Problem to solve
Check each line of the material below for "color", then copy the ones that contain it.

The input
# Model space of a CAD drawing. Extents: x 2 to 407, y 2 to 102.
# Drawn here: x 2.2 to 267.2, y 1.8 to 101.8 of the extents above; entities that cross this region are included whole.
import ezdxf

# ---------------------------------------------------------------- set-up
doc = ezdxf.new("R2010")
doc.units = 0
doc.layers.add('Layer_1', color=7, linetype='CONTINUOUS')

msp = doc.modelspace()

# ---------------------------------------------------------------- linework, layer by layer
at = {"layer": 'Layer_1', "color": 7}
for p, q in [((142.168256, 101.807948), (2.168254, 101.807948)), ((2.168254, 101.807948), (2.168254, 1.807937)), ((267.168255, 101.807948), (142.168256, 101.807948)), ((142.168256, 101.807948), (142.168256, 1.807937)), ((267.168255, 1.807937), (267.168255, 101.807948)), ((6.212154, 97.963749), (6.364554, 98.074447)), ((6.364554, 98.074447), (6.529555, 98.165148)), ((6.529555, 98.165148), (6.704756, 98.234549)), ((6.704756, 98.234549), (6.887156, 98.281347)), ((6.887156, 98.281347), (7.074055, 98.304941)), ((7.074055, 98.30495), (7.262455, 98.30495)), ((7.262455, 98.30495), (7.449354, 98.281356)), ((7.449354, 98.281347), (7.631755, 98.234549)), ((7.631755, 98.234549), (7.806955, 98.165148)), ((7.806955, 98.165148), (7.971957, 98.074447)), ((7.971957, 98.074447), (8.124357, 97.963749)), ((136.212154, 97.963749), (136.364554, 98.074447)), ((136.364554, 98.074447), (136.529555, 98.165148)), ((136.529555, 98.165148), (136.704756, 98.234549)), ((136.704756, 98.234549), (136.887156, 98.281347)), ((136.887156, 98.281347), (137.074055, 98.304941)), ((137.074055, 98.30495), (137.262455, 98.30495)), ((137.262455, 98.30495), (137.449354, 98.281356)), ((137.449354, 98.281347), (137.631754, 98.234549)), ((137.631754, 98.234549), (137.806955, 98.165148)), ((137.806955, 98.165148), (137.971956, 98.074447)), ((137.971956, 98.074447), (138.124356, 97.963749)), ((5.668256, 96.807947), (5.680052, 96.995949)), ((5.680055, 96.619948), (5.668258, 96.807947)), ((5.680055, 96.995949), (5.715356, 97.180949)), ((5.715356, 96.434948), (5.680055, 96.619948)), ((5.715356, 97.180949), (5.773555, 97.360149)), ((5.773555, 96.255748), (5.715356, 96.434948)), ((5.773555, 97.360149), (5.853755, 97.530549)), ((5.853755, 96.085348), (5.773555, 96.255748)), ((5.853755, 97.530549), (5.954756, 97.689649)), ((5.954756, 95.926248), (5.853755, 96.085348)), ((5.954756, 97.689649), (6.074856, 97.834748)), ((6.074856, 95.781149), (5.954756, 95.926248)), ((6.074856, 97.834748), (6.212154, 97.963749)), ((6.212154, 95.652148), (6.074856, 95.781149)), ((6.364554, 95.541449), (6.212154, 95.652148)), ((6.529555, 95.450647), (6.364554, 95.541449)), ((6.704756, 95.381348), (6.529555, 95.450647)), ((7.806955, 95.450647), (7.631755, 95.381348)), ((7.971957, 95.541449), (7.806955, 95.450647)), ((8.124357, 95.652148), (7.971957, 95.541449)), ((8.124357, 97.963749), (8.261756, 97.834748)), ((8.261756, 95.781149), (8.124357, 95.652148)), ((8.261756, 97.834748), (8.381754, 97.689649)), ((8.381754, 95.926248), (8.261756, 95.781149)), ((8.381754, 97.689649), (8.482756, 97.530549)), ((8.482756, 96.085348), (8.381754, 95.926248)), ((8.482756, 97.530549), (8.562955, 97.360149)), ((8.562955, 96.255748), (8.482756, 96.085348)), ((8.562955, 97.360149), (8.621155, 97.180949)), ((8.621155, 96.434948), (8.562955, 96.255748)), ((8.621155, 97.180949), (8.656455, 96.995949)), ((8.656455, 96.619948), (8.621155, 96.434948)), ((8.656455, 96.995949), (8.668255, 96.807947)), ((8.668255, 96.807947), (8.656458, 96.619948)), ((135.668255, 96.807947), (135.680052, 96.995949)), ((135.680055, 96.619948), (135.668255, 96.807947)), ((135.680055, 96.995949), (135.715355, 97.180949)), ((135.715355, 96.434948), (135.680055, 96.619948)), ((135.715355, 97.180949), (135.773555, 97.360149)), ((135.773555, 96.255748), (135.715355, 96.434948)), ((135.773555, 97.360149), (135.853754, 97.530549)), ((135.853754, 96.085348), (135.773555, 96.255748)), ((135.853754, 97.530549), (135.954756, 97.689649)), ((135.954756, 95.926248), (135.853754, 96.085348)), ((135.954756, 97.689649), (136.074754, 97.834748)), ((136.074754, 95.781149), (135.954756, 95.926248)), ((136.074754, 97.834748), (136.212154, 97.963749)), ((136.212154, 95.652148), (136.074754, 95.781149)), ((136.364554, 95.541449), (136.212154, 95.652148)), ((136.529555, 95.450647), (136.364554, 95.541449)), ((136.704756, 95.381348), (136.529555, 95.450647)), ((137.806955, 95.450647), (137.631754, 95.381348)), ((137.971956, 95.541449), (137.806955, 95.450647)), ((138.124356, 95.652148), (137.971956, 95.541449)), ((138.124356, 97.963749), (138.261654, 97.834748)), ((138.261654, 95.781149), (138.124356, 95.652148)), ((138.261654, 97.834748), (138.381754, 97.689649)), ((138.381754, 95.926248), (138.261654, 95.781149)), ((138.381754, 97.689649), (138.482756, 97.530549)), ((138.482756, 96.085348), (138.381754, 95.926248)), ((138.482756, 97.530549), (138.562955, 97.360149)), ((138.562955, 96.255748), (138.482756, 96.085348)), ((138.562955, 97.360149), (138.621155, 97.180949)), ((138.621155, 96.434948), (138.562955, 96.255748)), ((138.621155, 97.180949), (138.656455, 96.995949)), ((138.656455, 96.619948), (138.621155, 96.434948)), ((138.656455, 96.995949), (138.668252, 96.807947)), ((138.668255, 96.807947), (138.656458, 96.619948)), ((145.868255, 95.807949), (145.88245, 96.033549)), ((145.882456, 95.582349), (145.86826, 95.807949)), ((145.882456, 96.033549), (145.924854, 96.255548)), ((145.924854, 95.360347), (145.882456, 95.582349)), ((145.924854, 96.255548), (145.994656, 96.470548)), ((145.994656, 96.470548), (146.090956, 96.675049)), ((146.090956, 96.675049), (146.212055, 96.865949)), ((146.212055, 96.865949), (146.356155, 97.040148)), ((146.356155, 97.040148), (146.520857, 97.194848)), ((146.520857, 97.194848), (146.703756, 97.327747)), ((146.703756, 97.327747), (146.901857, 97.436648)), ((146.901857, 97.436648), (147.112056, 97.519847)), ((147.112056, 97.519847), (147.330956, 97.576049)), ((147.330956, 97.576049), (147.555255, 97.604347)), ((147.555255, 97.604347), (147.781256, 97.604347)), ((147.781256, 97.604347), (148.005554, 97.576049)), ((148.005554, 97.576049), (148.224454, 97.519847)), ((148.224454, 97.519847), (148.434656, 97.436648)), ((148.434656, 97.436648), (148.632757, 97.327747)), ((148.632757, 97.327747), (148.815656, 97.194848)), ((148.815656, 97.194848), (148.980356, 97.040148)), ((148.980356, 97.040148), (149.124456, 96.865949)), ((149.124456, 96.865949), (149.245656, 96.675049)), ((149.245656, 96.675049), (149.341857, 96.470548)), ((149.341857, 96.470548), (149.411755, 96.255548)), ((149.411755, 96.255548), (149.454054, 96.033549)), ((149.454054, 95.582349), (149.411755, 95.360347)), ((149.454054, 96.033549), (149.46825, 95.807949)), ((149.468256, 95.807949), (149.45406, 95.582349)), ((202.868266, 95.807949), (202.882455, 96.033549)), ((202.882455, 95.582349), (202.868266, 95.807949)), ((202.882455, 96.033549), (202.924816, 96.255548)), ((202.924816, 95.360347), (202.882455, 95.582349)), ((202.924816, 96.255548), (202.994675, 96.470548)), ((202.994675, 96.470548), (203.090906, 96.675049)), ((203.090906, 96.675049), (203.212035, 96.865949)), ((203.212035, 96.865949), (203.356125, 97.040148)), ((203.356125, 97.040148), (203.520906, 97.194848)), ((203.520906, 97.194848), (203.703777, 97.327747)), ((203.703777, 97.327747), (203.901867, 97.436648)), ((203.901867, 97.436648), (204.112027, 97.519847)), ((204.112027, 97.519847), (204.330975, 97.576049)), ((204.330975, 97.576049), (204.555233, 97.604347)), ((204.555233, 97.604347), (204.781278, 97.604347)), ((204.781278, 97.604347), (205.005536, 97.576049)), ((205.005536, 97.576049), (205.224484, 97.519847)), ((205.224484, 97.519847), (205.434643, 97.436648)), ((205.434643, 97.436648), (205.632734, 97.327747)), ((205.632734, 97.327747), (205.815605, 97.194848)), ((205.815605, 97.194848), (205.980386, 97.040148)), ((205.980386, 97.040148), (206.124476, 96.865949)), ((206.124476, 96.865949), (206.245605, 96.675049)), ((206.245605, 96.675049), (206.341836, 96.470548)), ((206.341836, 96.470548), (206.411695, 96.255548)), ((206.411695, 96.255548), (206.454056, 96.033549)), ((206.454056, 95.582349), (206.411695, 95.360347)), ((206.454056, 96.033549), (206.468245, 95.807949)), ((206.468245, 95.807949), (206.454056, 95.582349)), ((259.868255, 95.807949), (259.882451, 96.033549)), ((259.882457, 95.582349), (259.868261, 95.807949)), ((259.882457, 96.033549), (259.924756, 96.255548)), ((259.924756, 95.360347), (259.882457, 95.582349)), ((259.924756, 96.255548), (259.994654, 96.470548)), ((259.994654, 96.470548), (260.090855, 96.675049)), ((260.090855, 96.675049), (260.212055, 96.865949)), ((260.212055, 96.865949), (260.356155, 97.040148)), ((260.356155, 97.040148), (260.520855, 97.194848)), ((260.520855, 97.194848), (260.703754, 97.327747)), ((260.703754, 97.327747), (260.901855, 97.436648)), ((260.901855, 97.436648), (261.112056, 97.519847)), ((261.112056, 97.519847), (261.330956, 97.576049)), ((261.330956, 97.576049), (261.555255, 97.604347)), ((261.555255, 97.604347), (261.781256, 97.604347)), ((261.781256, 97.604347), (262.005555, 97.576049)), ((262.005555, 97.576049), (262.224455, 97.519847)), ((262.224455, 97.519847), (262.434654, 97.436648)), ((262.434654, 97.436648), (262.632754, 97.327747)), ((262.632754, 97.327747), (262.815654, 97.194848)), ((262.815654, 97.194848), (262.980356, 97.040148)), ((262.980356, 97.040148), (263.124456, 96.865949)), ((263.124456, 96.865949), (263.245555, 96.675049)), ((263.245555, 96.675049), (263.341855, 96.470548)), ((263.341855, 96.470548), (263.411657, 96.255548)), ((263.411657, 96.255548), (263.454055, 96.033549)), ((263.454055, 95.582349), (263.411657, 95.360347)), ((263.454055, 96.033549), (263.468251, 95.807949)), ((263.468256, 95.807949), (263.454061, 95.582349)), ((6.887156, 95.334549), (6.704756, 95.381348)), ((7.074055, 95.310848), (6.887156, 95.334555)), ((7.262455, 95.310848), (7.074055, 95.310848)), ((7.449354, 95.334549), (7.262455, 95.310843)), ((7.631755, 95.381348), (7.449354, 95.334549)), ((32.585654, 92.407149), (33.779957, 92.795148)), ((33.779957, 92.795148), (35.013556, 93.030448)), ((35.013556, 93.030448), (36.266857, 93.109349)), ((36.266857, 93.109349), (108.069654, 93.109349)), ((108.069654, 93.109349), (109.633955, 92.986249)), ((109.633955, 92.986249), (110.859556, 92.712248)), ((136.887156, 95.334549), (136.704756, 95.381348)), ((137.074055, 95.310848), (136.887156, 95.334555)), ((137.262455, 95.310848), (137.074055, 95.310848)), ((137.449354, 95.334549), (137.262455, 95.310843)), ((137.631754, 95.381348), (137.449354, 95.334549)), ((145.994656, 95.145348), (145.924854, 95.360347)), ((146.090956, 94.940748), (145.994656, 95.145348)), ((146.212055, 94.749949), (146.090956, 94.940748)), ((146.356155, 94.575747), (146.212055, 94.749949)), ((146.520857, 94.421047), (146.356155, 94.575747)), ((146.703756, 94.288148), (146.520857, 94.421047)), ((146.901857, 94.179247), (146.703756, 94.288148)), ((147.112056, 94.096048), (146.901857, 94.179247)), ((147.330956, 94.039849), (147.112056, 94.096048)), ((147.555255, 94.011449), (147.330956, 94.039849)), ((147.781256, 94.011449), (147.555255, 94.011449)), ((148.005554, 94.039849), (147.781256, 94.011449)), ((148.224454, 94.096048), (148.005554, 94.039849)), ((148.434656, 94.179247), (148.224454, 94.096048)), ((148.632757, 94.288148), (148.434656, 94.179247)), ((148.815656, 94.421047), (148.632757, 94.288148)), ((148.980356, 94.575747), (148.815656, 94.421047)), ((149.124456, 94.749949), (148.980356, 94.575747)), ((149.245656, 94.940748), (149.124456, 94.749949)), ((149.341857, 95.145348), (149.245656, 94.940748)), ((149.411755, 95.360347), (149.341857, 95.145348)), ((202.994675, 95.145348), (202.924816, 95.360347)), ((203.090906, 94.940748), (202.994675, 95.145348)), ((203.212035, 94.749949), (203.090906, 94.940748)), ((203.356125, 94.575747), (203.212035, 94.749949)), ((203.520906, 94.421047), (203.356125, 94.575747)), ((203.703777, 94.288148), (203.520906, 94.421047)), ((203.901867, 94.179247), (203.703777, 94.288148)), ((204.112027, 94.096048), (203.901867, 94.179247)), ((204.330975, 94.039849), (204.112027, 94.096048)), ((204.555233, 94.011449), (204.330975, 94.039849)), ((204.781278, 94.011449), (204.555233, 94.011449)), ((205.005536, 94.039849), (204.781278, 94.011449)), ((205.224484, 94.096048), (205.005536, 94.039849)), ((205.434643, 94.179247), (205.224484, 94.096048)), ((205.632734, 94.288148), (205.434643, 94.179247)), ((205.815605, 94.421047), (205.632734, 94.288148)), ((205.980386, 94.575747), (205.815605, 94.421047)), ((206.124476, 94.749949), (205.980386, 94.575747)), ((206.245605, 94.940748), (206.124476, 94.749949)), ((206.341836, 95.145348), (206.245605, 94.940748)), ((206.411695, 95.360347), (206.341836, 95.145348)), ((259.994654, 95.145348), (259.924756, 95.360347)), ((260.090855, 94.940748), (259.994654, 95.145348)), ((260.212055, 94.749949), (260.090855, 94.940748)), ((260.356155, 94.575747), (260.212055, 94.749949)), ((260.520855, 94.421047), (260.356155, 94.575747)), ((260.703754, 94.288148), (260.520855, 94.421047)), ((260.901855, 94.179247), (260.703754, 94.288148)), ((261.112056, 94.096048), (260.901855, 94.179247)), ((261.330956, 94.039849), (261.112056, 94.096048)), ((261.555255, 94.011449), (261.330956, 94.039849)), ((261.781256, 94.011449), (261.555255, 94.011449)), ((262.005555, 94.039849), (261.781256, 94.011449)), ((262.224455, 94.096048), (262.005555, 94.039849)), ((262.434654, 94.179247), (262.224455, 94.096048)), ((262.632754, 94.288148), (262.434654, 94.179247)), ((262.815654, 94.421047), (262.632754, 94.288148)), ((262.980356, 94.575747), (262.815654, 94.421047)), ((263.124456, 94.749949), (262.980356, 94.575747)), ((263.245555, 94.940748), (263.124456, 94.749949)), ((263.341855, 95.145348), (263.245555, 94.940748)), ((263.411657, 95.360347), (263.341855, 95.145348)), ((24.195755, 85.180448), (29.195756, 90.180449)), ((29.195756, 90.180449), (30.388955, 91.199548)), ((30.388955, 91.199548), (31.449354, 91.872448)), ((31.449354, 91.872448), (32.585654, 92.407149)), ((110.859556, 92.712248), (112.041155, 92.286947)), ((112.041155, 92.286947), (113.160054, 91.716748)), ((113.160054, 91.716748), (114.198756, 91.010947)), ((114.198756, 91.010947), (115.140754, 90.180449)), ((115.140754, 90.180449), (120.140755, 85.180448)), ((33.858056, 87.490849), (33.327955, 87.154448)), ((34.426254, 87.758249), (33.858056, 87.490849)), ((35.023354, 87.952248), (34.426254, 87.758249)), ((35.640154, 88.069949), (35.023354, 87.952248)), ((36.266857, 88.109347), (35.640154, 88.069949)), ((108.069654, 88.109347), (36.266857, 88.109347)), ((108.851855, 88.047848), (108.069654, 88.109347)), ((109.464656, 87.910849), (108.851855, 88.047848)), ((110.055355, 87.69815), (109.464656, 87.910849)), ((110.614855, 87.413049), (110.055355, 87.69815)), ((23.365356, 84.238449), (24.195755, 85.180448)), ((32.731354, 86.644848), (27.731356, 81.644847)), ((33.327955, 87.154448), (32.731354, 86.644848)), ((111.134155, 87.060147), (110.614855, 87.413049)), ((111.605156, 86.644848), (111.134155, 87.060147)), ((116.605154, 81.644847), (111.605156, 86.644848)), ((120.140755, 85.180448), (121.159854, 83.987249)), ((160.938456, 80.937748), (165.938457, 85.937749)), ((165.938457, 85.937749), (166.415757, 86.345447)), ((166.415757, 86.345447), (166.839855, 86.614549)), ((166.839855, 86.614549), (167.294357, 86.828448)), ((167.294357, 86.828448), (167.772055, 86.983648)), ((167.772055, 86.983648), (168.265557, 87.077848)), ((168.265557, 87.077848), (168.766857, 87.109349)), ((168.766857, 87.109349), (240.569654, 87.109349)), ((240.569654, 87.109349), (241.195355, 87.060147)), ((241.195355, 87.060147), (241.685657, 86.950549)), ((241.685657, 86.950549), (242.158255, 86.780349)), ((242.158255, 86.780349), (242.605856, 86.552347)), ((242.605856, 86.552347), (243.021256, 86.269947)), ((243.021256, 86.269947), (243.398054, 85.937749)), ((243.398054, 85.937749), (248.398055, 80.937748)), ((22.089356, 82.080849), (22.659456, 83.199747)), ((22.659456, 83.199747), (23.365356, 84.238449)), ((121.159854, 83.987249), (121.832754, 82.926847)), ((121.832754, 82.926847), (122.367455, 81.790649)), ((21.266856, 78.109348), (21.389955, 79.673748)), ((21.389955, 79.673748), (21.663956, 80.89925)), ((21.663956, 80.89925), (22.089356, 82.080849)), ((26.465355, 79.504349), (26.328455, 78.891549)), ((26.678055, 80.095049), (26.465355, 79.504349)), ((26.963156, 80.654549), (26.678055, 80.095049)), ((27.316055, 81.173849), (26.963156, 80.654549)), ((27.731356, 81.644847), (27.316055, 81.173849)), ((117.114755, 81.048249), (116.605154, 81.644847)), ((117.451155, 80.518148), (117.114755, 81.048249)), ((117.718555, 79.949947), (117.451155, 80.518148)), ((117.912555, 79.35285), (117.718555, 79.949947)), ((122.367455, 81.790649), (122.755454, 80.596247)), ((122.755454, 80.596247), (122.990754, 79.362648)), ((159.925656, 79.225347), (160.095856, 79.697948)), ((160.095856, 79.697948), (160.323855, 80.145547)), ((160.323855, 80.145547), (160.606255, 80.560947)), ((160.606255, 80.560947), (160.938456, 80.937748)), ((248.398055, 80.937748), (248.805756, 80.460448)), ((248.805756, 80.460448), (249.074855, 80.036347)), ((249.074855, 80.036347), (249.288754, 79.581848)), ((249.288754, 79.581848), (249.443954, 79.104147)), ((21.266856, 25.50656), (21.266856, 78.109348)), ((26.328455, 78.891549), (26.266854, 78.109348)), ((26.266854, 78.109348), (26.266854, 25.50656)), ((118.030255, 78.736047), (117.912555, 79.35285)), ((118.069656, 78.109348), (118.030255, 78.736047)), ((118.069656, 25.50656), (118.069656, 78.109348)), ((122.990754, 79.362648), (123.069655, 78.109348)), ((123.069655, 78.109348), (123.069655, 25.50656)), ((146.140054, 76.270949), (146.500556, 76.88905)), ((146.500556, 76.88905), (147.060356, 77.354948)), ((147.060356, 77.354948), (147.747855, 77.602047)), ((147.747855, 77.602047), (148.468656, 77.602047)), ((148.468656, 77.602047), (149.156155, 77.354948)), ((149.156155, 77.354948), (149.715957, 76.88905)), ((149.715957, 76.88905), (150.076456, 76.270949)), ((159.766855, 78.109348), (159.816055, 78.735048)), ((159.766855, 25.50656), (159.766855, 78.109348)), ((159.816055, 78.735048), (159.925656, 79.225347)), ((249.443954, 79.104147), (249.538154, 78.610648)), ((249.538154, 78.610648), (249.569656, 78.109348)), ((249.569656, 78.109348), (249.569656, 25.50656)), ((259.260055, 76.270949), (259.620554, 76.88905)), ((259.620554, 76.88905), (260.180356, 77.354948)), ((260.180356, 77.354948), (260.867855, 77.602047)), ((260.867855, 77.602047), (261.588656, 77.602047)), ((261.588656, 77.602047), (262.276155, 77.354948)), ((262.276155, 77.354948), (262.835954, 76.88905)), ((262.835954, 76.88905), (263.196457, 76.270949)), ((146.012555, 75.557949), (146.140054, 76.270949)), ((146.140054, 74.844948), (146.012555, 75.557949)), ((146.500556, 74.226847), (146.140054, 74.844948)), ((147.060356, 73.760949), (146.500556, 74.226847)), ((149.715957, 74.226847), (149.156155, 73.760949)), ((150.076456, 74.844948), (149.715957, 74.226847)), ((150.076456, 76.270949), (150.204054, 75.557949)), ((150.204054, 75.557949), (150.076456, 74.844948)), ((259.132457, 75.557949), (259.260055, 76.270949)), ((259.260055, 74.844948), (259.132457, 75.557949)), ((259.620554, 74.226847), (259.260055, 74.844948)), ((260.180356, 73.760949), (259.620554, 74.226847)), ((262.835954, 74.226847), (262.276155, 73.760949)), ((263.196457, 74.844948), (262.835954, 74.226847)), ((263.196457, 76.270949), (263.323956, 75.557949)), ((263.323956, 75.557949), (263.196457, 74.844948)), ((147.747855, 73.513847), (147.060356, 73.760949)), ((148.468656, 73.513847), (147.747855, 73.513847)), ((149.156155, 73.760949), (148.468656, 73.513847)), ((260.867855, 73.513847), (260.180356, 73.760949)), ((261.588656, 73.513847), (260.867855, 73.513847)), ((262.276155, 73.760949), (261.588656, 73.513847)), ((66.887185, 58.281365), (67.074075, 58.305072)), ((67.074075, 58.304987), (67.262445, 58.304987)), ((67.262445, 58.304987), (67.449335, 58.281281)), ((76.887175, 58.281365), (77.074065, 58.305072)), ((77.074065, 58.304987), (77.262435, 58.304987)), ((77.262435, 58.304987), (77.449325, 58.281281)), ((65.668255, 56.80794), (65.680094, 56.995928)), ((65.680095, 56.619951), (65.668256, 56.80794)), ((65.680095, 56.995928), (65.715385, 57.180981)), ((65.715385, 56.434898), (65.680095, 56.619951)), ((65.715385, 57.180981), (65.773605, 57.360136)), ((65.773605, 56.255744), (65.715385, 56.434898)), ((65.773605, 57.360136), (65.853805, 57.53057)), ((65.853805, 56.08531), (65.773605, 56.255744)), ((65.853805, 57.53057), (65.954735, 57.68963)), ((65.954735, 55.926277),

Result of the exercise
doc.layers.add('Layer_1', color=7, linetype='CONTINUOUS')
at = {"layer": 'Layer_1', "color": 7}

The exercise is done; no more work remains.